• **Extracted information**:
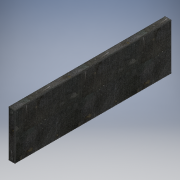
# Autodesk Inventor part: 内层侧板
Saved by Autodesk Inventor 2017 (Build 210142000, 142)
## iProperties
Part Number: 内层侧板
Material: 常规
Document SubType Name: Modeling
Designer: PANDA
Density: 1 g/cm^3
Appearance: 板
Author: PANDA
Autodesk Inventor part; units mm, degrees
ref_plane "YZ Plane" through (0, 0, 0) normal (1, 0, 0) x (0, 1, 0)
ref_plane "XZ Plane" through (0, 0, 0) normal (0, 1, 0) x (-1, 0, 0)
ref_plane "XY Plane" through (0, 0, 0) normal (0, 0, 1) x (1, 0, 0)
sketch "草图1" plane through (0, 0, 0) normal (0, 0, 1) x (1, 0, 0)
  point P0 (0, 0)
sketch "草图2" plane through (0, 0, 0) normal (1, 0, 0) x (0, 1, 0)
  line L0 (200, 70) -> (-200, 70)
  line L1 (-200, 70) -> (-200, -70)
  line L2 (-200, -70) -> (200, -70)
  line L3 (200, -70) -> (200, 70)
  point P0 (0, 0)
  dimension "d0" = 400
  dimension "d1" = 140
  constraints: 8 end point, 2 parallel, 1 horizontal, 1 perpendicular
  measures "d0" distance of L2.end L1.end
  measures "d1" distance of L1.end L0.end
extrude "拉伸1" add sketch "草图2" along normal blind 20
sketch "草图3" plane through (0, -200, -70) normal (0, -1, 0) x (1, 0, 0)
  circle A0 centre (10, 10) radius 2
  point P0 (0, 70)
  dimension "d4" = 4
  constraints: 1 centre point
  measures "d4" diameter of A0
extrude "拉伸2" cut sketch "草图3" against normal blind 40
sketch "草图4" plane through (0, -200, -70) normal (0, -1, 0) x (1, 0, 0)
  circle A0 centre (10, 130) radius 2
  point P0 (0, 70)
  dimension "d7" = 4
  constraints: 1 centre point
  measures "d7" diameter of A0
extrude "拉伸3" cut sketch "草图4" against normal blind 40
sketch "草图5" plane through (0, 200, 70) normal (0, 1, 0) x (1, 0, 0)
  line L0 (20, 0) -> (20, 140) projected
  line L1 (20, 140) -> (0, 140)
  line L2 (0, 140) -> (0, 0)
  line L3 (0, 0) -> (20, 0)
  line L4 (20, 0) -> (20, 140)
  point P0 (0, 70)
  constraints: 8 end point, 2 parallel, 1 horizontal, 1 perpendicular
extrude "拉伸4" add sketch "草图5" along normal blind 50
sketch "草图6" plane through (0, 250, 70) normal (0, 1, 0) x (1, 0, 0)
  line L0 (0, 0) -> (20, 0) projected
  line L1 (20, 140) -> (0, 140) projected
  line L2 (20, 0) -> (0, 0)
  line L3 (0, 0) -> (0, 140)
  line L4 (0, 140) -> (20, 140)
  line L5 (20, 140) -> (20, 0)
  point P0 (0, 70)
  constraints: 8 end point, 2 parallel, 1 horizontal, 1 perpendicular
extrude "拉伸5" add sketch "草图6" along normal blind 20
fillet "圆角1" radius 2 2 edges at (8, -160, 60) (8, -160, -60)
fillet "圆角1" radius 2 14 edges at (10, 270, 70) (0, 35, 70) (10, -200, 70) (20, 35, 70) (20, 270, 0) (20, -200, 0) (20, 35, -70) (0, 270, 0) (0, 35, -70) (0, -200, 0) (10, 270, -70) (10, -200, -70) (8, -200, 60) (8, -200, -60)

• **Instructions for the task**:
Every line of the records must come back unchanged, except that pictures are dropped.

• **Written answer**:
# Autodesk Inventor part: 内层侧板
Saved by Autodesk Inventor 2017 (Build 210142000, 142)
## iProperties
Part Number: 内层侧板
Material: 常规
Document SubType Name: Modeling
Designer: PANDA
Density: 1 g/cm^3
Appearance: 板
Author: PANDA
Autodesk Inventor part; units mm, degrees
ref_plane "YZ Plane" through (0, 0, 0) normal (1, 0, 0) x (0, 1, 0)
ref_plane "XZ Plane" through (0, 0, 0) normal (0, 1, 0) x (-1, 0, 0)
ref_plane "XY Plane" through (0, 0, 0) normal (0, 0, 1) x (1, 0, 0)
sketch "草图1" plane through (0, 0, 0) normal (0, 0, 1) x (1, 0, 0)
  point P0 (0, 0)
sketch "草图2" plane through (0, 0, 0) normal (1, 0, 0) x (0, 1, 0)
  line L0 (200, 70) -> (-200, 70)
  line L1 (-200, 70) -> (-200, -70)
  line L2 (-200, -70) -> (200, -70)
  line L3 (200, -70) -> (200, 70)
  point P0 (0, 0)
  dimension "d0" = 400
  dimension "d1" = 140
  constraints: 8 end point, 2 parallel, 1 horizontal, 1 perpendicular
  measures "d0" distance of L2.end L1.end
  measures "d1" distance of L1.end L0.end
extrude "拉伸1" add sketch "草图2" along normal blind 20
sketch "草图3" plane through (0, -200, -70) normal (0, -1, 0) x (1, 0, 0)
  circle A0 centre (10, 10) radius 2
  point P0 (0, 70)
  dimension "d4" = 4
  constraints: 1 centre point
  measures "d4" diameter of A0
extrude "拉伸2" cut sketch "草图3" against normal blind 40
sketch "草图4" plane through (0, -200, -70) normal (0, -1, 0) x (1, 0, 0)
  circle A0 centre (10, 130) radius 2
  point P0 (0, 70)
  dimension "d7" = 4
  constraints: 1 centre point
  measures "d7" diameter of A0
extrude "拉伸3" cut sketch "草图4" against normal blind 40
sketch "草图5" plane through (0, 200, 70) normal (0, 1, 0) x (1, 0, 0)
  line L0 (20, 0) -> (20, 140) projected
  line L1 (20, 140) -> (0, 140)
  line L2 (0, 140) -> (0, 0)
  line L3 (0, 0) -> (20, 0)
  line L4 (20, 0) -> (20, 140)
  point P0 (0, 70)
  constraints: 8 end point, 2 parallel, 1 horizontal, 1 perpendicular
extrude "拉伸4" add sketch "草图5" along normal blind 50
sketch "草图6" plane through (0, 250, 70) normal (0, 1, 0) x (1, 0, 0)
  line L0 (0, 0) -> (20, 0) projected
  line L1 (20, 140) -> (0, 140) projected
  line L2 (20, 0) -> (0, 0)
  line L3 (0, 0) -> (0, 140)
  line L4 (0, 140) -> (20, 140)
  line L5 (20, 140) -> (20, 0)
  point P0 (0, 70)
  constraints: 8 end point, 2 parallel, 1 horizontal, 1 perpendicular
extrude "拉伸5" add sketch "草图6" along normal blind 20
fillet "圆角1" radius 2 2 edges at (8, -160, 60) (8, -160, -60)
fillet "圆角1" radius 2 14 edges at (10, 270, 70) (0, 35, 70) (10, -200, 70) (20, 35, 70) (20, 270, 0) (20, -200, 0) (20, 35, -70) (0, 270, 0) (0, 35, -70) (0, -200, 0) (10, 270, -70) (10, -200, -70) (8, -200, 60) (8, -200, -60)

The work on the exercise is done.